# PROMPT
Use the entries below and reproduce exactly the lines from the one containing "doc.units = ezdxf.units.MM" down to the one containing "doc.layers.add('A1------H-', color=8, linetype='Continuous')", both of them included.

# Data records

+-------+

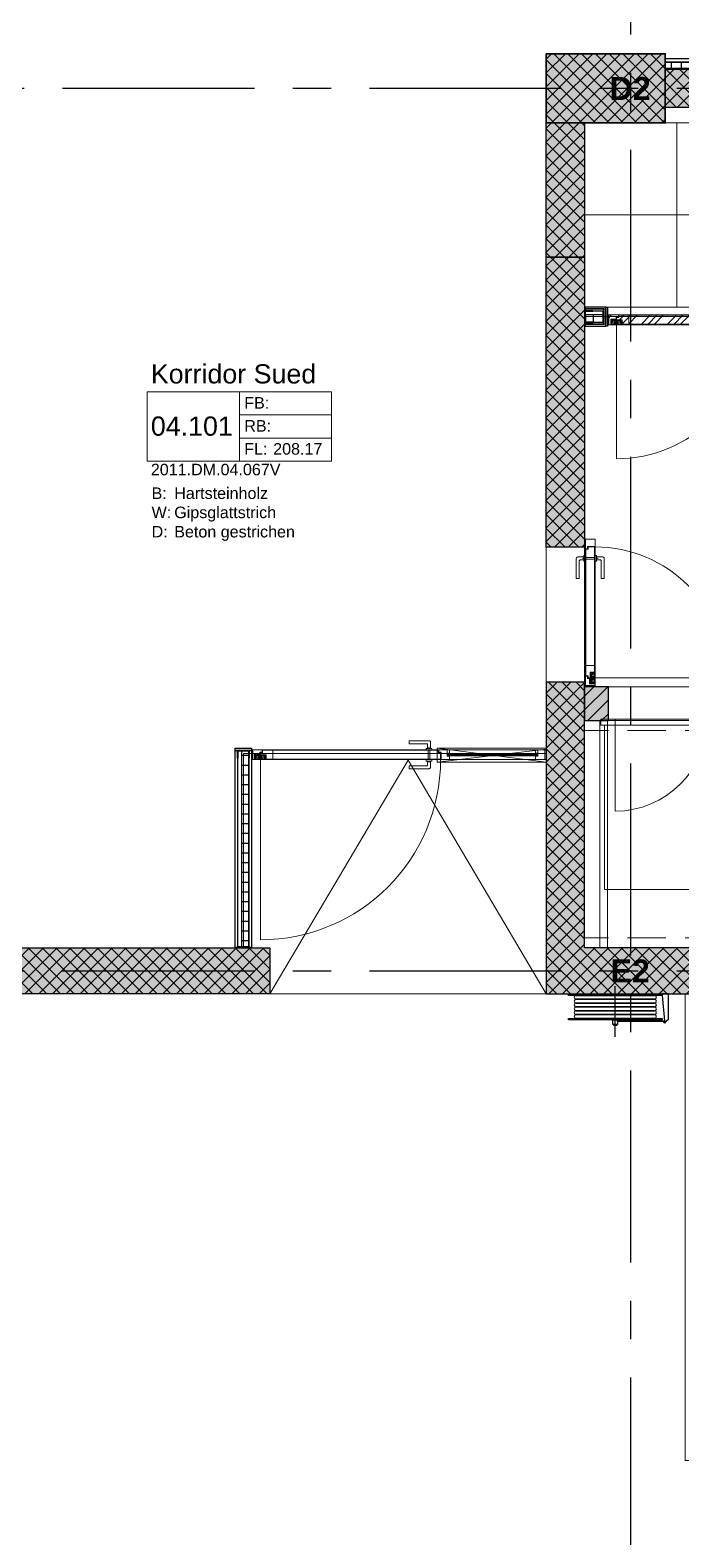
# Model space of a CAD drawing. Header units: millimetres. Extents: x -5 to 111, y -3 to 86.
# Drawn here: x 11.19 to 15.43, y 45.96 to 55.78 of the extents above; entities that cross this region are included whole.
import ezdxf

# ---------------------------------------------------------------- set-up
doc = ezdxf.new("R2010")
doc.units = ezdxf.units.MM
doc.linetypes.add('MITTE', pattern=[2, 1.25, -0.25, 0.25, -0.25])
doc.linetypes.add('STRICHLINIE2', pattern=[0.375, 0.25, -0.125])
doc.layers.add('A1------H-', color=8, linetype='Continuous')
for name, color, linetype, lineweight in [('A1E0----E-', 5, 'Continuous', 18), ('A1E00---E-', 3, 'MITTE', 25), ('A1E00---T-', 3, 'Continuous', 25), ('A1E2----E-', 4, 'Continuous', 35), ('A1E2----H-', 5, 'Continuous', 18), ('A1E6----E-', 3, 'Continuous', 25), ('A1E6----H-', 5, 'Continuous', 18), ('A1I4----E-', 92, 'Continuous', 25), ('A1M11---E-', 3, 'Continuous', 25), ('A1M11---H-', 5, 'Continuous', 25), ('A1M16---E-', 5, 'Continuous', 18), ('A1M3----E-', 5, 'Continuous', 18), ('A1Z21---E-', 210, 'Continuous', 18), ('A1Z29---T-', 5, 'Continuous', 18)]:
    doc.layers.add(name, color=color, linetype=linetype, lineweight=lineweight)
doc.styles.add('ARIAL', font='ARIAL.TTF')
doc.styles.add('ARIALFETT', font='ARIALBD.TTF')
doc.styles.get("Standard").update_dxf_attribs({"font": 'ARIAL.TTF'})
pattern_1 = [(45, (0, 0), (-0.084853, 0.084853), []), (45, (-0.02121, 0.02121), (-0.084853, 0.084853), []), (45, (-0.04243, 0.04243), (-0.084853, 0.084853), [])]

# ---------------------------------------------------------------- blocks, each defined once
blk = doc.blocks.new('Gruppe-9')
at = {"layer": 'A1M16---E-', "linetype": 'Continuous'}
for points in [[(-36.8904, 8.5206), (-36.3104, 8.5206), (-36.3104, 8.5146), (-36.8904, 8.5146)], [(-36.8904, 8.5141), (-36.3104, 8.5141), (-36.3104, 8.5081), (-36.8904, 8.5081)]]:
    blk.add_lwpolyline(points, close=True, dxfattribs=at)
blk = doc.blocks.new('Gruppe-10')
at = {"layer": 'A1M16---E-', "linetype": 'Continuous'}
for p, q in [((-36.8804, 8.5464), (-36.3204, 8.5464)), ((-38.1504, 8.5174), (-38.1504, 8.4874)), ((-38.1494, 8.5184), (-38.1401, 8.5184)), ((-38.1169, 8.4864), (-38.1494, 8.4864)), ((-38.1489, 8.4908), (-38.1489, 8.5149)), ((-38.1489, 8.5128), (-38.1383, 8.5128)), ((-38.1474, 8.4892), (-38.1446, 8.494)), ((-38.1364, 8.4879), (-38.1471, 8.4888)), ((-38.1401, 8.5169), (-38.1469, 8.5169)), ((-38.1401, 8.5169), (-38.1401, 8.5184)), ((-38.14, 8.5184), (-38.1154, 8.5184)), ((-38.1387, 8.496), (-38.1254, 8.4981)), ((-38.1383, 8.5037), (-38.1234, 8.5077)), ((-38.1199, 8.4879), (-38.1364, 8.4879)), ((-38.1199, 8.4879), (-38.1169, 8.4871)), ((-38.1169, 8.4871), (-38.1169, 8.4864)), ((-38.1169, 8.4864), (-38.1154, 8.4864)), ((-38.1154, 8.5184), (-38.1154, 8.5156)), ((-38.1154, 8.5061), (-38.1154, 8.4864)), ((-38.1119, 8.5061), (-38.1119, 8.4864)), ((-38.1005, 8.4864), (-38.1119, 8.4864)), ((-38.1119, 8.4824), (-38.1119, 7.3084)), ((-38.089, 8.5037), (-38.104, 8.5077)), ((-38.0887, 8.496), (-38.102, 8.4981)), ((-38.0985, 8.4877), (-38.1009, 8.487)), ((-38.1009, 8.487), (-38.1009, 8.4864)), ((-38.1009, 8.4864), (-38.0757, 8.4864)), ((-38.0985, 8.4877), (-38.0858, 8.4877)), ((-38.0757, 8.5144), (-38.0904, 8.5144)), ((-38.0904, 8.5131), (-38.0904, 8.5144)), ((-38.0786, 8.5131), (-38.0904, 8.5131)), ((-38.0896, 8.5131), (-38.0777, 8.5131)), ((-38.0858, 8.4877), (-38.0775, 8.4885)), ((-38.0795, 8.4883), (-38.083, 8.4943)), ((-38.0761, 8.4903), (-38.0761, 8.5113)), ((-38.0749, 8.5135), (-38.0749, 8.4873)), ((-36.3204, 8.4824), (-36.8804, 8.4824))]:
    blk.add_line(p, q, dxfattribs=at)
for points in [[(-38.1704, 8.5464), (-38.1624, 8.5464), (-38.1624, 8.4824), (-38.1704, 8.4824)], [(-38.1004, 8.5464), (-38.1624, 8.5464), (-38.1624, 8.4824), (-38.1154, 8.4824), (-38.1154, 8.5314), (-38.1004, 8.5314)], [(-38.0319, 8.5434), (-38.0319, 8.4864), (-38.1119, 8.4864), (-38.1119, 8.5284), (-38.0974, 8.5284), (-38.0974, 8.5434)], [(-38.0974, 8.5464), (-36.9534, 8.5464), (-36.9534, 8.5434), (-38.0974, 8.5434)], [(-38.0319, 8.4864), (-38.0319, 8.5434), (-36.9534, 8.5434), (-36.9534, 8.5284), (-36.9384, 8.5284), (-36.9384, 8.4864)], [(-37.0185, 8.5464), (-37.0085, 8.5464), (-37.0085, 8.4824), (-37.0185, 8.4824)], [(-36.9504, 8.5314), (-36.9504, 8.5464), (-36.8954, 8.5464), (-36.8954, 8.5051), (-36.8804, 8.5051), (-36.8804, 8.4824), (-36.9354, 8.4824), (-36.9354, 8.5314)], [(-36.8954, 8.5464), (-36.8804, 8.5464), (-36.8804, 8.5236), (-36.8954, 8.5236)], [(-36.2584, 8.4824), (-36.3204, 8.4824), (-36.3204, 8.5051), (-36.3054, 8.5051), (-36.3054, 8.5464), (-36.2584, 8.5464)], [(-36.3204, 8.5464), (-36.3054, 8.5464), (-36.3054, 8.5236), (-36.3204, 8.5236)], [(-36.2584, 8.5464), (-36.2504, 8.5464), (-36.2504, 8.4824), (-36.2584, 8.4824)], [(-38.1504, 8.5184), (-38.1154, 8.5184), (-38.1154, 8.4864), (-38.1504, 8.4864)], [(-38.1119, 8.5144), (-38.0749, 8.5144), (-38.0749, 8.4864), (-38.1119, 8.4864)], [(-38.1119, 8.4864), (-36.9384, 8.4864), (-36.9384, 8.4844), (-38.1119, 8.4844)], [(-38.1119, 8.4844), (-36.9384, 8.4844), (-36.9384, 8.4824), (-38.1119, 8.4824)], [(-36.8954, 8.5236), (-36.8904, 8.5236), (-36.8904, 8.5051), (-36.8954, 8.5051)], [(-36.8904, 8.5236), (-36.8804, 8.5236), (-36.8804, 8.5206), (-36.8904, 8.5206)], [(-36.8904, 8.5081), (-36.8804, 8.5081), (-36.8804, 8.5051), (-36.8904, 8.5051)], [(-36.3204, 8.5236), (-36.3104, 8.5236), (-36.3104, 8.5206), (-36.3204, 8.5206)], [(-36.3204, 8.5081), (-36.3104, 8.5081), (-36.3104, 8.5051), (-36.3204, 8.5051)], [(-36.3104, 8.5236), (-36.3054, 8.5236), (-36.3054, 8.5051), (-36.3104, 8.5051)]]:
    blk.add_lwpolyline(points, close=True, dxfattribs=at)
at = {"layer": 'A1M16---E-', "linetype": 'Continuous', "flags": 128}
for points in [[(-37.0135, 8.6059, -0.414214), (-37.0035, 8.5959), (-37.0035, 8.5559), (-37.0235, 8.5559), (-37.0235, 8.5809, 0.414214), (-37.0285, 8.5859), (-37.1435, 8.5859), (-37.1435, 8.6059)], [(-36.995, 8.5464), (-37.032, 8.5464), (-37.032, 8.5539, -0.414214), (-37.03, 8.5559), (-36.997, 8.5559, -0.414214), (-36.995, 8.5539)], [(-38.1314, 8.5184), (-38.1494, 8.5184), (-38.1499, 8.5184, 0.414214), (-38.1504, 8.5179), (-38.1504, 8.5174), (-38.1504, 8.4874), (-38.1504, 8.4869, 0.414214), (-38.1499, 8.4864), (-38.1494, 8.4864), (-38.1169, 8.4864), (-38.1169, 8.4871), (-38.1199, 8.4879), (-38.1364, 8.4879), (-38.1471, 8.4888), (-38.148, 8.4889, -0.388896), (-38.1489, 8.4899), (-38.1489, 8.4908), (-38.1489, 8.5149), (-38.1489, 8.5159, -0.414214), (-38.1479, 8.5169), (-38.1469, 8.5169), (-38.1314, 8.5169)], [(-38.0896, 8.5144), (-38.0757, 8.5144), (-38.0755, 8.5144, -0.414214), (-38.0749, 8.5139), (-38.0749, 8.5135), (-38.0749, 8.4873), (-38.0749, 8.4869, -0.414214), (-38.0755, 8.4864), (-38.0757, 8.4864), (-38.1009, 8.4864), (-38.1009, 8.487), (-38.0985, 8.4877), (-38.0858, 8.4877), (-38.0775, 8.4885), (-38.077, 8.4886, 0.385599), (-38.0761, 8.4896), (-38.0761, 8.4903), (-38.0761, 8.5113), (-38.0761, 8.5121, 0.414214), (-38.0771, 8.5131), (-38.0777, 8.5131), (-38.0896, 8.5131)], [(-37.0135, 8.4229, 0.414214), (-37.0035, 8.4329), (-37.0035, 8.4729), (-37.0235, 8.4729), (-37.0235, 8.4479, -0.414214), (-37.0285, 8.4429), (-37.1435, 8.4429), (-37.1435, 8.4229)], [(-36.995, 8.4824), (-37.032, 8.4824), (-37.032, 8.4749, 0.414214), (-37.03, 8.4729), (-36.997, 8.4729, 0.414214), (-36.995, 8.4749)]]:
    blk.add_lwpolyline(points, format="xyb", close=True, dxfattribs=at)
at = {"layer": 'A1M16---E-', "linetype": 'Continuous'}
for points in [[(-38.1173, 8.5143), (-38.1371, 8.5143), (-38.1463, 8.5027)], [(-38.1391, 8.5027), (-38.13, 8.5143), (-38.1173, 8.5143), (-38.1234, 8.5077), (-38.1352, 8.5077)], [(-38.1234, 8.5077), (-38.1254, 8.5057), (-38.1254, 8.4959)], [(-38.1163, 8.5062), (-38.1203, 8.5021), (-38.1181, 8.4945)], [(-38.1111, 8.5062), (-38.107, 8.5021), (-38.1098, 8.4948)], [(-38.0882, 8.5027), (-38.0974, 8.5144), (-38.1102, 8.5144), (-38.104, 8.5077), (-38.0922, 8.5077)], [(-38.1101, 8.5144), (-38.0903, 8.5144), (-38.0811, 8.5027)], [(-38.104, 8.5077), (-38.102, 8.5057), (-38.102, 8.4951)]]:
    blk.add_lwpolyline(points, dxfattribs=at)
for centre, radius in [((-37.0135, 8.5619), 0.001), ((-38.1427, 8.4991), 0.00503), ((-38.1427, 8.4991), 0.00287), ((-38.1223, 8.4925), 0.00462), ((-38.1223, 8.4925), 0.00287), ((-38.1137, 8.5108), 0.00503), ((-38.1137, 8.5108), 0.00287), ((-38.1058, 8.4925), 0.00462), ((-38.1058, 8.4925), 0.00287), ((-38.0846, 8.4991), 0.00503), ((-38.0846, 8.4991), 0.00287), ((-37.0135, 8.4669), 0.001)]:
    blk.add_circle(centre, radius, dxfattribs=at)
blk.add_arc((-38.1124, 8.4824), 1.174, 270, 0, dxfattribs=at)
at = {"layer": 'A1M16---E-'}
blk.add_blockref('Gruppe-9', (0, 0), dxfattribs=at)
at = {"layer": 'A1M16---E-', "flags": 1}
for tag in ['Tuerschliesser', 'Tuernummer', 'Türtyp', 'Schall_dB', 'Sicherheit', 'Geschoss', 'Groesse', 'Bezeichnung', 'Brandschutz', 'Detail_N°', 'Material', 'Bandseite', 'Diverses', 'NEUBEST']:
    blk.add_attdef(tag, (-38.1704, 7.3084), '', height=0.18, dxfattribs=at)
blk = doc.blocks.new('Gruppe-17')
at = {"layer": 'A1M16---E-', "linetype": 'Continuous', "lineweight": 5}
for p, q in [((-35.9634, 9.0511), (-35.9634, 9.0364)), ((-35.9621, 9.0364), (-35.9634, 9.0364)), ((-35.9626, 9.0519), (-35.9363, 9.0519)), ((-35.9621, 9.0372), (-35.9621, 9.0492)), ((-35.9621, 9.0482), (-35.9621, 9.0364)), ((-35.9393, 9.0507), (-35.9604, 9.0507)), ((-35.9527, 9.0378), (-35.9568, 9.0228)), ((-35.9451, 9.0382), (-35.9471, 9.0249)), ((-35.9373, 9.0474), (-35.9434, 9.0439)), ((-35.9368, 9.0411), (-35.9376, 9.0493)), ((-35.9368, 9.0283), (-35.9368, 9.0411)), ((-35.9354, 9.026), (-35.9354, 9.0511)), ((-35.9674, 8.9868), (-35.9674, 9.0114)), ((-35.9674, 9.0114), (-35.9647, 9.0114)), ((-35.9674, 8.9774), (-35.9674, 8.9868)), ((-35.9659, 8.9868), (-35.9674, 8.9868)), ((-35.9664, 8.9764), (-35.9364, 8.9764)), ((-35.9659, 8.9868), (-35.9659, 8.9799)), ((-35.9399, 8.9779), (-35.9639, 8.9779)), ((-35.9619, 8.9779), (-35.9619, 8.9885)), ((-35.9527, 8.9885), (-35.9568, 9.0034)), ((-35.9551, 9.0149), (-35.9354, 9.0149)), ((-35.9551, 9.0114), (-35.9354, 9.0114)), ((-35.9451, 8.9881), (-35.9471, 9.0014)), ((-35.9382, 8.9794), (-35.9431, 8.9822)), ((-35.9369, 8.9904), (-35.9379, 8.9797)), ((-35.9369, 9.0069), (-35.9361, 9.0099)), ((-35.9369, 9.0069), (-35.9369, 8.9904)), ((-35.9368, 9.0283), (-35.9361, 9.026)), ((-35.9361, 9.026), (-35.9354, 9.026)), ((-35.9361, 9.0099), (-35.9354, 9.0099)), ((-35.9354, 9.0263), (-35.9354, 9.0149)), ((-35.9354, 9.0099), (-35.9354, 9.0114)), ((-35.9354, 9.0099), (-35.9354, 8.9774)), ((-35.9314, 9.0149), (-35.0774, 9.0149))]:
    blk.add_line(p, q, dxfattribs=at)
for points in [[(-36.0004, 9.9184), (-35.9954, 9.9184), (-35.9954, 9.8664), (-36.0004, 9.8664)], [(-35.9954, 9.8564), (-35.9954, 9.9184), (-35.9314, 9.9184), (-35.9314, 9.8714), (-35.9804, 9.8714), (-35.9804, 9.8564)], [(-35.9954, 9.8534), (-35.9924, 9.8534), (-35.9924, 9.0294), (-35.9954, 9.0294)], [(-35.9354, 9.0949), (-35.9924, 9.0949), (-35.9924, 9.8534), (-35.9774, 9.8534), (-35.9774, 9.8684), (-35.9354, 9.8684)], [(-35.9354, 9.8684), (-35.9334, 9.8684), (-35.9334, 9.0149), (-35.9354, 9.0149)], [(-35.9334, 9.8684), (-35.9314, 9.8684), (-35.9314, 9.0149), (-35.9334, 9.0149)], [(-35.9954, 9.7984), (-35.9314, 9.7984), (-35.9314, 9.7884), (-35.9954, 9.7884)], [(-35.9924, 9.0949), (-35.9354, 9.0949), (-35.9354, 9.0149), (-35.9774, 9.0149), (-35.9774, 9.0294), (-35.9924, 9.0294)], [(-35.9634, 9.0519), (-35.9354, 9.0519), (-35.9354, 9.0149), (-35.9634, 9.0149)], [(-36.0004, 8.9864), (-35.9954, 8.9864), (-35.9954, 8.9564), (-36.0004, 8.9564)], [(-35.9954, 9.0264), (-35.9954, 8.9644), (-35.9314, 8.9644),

+-------+

# RESPONSE AREA
doc.units = ezdxf.units.MM
doc.linetypes.add('MITTE', pattern=[2, 1.25, -0.25, 0.25, -0.25])
doc.linetypes.add('STRICHLINIE2', pattern=[0.375, 0.25, -0.125])
doc.layers.add('A1------H-', color=8, linetype='Continuous')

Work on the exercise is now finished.